Only lines holding "mechanical" are wanted; copy each of them from the records below.

▬▬▬

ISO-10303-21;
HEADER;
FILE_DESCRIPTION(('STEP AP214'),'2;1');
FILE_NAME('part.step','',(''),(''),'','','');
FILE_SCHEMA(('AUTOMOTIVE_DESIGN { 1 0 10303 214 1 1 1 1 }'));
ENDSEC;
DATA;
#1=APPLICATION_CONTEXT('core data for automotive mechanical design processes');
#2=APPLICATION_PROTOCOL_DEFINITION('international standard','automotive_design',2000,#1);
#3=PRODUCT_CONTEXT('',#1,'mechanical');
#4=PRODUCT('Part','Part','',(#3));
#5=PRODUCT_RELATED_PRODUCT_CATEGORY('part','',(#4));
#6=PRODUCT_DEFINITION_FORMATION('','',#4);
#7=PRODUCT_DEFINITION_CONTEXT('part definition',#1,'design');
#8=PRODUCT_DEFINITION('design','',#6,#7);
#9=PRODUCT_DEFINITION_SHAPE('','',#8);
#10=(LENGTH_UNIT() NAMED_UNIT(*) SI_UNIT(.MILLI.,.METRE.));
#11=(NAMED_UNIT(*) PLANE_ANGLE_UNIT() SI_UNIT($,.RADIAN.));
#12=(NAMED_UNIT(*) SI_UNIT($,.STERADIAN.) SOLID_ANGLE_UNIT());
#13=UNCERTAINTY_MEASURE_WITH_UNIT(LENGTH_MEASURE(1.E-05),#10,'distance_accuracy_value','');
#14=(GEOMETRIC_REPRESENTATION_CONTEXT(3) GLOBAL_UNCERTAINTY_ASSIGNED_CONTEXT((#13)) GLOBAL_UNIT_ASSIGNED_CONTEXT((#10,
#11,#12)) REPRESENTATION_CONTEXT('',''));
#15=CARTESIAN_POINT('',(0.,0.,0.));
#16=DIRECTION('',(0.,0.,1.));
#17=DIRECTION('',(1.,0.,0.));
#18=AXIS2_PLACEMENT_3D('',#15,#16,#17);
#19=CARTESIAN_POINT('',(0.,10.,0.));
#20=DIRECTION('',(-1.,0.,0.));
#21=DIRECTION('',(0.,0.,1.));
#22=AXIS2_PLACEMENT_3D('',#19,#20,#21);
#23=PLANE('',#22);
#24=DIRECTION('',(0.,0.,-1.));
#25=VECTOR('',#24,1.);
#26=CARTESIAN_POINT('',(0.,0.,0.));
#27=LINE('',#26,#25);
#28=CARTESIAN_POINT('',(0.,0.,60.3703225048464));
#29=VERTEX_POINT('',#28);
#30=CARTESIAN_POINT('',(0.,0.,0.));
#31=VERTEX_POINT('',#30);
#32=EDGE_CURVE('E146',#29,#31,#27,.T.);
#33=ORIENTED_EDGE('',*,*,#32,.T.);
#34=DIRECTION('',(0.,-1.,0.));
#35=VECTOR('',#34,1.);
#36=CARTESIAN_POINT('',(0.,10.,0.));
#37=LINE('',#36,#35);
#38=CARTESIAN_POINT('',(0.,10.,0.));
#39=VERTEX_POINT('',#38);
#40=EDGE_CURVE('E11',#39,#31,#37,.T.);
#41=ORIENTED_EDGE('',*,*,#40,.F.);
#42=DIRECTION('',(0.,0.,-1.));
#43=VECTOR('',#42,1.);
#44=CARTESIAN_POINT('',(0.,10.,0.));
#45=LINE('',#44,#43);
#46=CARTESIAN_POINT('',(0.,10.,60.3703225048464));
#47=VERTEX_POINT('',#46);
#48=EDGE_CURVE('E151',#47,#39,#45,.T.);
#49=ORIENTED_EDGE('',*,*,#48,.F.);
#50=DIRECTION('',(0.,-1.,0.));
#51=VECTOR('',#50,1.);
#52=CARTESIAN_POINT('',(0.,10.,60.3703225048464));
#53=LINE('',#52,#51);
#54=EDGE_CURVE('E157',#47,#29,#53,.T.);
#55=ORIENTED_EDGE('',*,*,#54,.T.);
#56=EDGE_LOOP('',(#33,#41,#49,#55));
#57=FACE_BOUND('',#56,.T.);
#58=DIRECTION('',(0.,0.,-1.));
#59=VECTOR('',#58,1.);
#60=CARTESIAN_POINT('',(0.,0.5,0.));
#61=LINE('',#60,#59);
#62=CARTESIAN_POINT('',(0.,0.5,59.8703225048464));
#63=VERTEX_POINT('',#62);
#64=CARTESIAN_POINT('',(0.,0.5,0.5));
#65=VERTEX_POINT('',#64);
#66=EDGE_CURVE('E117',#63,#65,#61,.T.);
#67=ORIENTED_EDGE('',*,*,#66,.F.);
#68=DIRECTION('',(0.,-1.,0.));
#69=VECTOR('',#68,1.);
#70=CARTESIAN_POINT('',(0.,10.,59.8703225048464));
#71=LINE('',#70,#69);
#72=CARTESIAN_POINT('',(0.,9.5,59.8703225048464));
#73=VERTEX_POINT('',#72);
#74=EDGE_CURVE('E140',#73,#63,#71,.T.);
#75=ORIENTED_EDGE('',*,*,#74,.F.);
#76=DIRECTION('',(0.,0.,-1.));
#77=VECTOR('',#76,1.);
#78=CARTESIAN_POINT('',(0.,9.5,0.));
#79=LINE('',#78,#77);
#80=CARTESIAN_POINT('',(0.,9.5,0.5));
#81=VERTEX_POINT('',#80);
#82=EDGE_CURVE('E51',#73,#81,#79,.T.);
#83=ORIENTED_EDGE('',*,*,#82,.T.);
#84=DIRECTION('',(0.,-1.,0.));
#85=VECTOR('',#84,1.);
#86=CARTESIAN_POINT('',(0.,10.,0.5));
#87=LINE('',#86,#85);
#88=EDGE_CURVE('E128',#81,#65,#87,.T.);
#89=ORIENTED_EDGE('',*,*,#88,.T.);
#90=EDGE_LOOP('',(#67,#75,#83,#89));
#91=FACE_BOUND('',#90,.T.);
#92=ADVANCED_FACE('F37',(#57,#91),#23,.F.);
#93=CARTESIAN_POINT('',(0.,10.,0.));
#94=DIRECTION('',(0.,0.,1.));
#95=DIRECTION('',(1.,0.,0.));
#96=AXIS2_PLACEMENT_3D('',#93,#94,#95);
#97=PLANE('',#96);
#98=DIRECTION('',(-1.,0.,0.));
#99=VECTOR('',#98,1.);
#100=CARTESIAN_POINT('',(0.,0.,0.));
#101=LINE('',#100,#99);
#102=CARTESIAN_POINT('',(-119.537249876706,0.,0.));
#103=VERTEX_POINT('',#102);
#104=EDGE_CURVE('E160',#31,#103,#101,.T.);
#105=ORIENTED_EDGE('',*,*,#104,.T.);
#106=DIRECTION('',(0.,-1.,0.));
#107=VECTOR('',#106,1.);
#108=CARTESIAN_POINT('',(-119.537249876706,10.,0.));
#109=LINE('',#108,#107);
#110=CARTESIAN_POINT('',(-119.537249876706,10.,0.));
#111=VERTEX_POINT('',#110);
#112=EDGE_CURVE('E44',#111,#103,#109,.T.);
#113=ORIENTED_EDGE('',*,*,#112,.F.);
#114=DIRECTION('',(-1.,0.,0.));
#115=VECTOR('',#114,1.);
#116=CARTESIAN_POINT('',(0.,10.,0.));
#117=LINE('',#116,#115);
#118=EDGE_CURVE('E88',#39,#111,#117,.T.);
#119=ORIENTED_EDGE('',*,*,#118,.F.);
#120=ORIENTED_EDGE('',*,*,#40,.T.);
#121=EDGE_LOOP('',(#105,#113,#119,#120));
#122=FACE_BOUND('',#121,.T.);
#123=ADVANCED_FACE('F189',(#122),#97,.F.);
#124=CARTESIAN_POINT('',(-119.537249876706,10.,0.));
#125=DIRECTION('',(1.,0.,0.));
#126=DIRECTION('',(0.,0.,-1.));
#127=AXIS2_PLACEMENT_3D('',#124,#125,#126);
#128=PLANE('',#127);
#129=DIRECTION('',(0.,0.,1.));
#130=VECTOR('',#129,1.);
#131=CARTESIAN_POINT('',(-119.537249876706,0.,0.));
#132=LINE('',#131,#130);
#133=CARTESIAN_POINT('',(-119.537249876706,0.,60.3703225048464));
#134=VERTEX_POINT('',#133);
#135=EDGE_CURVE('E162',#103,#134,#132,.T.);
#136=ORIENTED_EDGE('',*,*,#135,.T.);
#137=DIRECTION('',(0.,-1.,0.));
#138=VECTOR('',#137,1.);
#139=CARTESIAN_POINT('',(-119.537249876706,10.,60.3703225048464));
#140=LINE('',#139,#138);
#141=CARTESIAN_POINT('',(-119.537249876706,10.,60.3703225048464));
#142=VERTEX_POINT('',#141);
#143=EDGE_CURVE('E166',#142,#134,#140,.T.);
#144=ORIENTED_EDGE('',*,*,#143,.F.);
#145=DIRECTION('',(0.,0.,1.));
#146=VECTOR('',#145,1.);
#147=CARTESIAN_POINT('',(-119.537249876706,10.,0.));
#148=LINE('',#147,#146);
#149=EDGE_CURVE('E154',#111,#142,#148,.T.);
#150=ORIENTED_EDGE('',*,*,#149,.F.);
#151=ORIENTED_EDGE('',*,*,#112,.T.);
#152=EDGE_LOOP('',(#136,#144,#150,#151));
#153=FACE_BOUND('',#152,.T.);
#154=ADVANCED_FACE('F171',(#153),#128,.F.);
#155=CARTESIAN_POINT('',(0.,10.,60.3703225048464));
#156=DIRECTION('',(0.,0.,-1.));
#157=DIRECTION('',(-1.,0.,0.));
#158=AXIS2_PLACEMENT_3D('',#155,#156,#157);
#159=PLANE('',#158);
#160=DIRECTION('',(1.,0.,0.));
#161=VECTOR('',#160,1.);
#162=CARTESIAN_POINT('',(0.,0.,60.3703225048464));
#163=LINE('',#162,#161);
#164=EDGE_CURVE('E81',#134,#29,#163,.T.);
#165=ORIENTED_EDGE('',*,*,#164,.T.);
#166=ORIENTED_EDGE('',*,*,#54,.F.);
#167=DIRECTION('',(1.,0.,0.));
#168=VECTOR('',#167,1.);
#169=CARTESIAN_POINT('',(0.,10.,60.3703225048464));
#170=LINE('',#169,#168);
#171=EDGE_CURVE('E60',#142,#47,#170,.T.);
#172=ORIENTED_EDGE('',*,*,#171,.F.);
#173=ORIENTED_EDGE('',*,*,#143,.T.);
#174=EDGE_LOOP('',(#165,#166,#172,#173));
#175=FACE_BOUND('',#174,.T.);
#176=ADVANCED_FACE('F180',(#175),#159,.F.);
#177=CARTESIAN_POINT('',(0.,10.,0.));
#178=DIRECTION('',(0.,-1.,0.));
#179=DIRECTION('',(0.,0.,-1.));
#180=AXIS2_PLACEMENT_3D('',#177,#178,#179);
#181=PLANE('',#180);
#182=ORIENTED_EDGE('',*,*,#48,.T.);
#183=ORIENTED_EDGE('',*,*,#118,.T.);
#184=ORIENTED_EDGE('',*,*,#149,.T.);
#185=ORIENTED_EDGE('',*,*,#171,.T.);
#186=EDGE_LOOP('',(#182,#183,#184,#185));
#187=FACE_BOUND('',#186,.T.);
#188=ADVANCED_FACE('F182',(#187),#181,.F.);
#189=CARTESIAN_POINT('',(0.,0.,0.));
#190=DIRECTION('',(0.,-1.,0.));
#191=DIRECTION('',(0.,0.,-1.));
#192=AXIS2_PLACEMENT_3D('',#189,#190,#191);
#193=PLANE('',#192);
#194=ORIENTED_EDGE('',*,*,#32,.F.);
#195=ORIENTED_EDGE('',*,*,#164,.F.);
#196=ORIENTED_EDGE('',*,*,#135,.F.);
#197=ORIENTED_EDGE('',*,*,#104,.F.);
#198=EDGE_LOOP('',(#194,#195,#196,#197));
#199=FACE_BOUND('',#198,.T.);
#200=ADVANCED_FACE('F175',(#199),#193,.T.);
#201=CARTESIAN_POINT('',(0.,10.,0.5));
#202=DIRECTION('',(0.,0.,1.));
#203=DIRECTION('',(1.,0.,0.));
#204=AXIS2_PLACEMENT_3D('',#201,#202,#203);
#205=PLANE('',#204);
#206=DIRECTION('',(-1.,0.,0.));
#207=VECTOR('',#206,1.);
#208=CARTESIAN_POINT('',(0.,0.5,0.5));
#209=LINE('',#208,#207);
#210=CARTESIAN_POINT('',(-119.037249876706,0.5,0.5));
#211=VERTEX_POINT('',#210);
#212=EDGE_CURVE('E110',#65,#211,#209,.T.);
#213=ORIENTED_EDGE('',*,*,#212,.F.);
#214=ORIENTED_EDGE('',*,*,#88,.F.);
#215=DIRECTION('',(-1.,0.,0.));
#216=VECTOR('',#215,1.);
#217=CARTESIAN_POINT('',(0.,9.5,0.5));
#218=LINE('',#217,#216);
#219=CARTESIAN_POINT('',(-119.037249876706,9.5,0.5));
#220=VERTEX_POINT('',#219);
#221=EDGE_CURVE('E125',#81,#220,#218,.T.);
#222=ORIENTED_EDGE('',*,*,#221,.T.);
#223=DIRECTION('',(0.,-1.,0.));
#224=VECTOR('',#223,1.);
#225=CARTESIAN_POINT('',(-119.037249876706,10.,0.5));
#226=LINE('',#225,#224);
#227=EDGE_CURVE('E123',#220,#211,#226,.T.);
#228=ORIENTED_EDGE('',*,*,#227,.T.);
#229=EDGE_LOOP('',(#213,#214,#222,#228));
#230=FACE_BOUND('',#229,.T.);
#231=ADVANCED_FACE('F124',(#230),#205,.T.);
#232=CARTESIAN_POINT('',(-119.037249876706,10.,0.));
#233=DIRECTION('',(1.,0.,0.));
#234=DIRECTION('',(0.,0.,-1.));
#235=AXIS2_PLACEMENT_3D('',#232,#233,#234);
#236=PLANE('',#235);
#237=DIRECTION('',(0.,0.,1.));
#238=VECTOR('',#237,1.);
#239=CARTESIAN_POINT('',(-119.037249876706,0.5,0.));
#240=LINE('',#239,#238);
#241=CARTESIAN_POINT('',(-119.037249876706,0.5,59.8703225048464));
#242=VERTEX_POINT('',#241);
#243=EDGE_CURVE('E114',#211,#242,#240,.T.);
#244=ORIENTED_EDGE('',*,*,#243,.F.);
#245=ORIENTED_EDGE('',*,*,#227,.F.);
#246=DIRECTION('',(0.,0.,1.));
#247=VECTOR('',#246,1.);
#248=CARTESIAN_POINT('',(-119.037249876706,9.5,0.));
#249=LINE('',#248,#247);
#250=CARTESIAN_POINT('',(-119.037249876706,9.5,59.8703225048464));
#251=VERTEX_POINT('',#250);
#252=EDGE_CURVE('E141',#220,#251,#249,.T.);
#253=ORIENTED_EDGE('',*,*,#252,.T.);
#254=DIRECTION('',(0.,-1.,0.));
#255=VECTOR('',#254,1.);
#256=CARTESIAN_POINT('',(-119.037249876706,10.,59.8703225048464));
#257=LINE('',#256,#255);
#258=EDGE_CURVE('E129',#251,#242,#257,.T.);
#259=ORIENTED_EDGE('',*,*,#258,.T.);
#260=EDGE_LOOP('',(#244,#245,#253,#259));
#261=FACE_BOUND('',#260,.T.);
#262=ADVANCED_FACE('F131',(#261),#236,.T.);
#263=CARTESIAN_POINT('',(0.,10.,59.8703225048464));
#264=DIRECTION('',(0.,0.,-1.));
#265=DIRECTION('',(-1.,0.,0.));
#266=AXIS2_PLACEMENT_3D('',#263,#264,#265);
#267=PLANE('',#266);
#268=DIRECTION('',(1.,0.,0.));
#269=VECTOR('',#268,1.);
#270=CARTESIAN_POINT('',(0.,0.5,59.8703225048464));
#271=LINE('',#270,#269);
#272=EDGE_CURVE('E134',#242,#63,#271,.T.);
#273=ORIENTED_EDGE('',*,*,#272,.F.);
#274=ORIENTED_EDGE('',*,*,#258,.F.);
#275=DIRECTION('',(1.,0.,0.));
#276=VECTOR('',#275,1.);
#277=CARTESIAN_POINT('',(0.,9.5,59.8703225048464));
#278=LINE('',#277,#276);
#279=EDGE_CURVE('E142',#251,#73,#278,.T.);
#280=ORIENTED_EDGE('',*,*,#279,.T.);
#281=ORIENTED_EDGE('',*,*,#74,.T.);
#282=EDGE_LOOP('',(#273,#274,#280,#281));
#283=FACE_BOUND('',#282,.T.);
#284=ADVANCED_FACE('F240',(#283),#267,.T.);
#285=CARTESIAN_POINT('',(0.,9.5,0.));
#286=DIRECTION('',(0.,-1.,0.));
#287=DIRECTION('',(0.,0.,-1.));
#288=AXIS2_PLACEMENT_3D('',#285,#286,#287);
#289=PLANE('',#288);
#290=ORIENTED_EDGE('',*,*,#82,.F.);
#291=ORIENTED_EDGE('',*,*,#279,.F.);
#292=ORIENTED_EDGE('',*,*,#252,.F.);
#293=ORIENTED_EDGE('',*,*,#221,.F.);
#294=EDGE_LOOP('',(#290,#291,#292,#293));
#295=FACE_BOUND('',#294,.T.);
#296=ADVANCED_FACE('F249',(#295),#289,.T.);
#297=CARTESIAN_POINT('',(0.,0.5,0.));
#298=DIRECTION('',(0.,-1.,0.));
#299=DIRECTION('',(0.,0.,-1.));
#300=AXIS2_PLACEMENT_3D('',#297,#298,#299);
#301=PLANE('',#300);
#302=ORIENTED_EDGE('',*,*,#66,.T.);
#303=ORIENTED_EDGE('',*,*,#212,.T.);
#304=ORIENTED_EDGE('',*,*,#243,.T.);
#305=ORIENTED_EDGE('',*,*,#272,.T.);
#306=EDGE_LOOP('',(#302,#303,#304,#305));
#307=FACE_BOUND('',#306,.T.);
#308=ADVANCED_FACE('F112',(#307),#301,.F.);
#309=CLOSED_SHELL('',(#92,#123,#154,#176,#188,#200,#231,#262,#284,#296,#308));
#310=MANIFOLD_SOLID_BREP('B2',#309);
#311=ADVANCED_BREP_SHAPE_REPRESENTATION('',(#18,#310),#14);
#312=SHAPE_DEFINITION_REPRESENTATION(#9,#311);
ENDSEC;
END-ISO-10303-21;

▬▬▬

| The completed task |
#1=APPLICATION_CONTEXT('core data for automotive mechanical design processes');
#3=PRODUCT_CONTEXT('',#1,'mechanical');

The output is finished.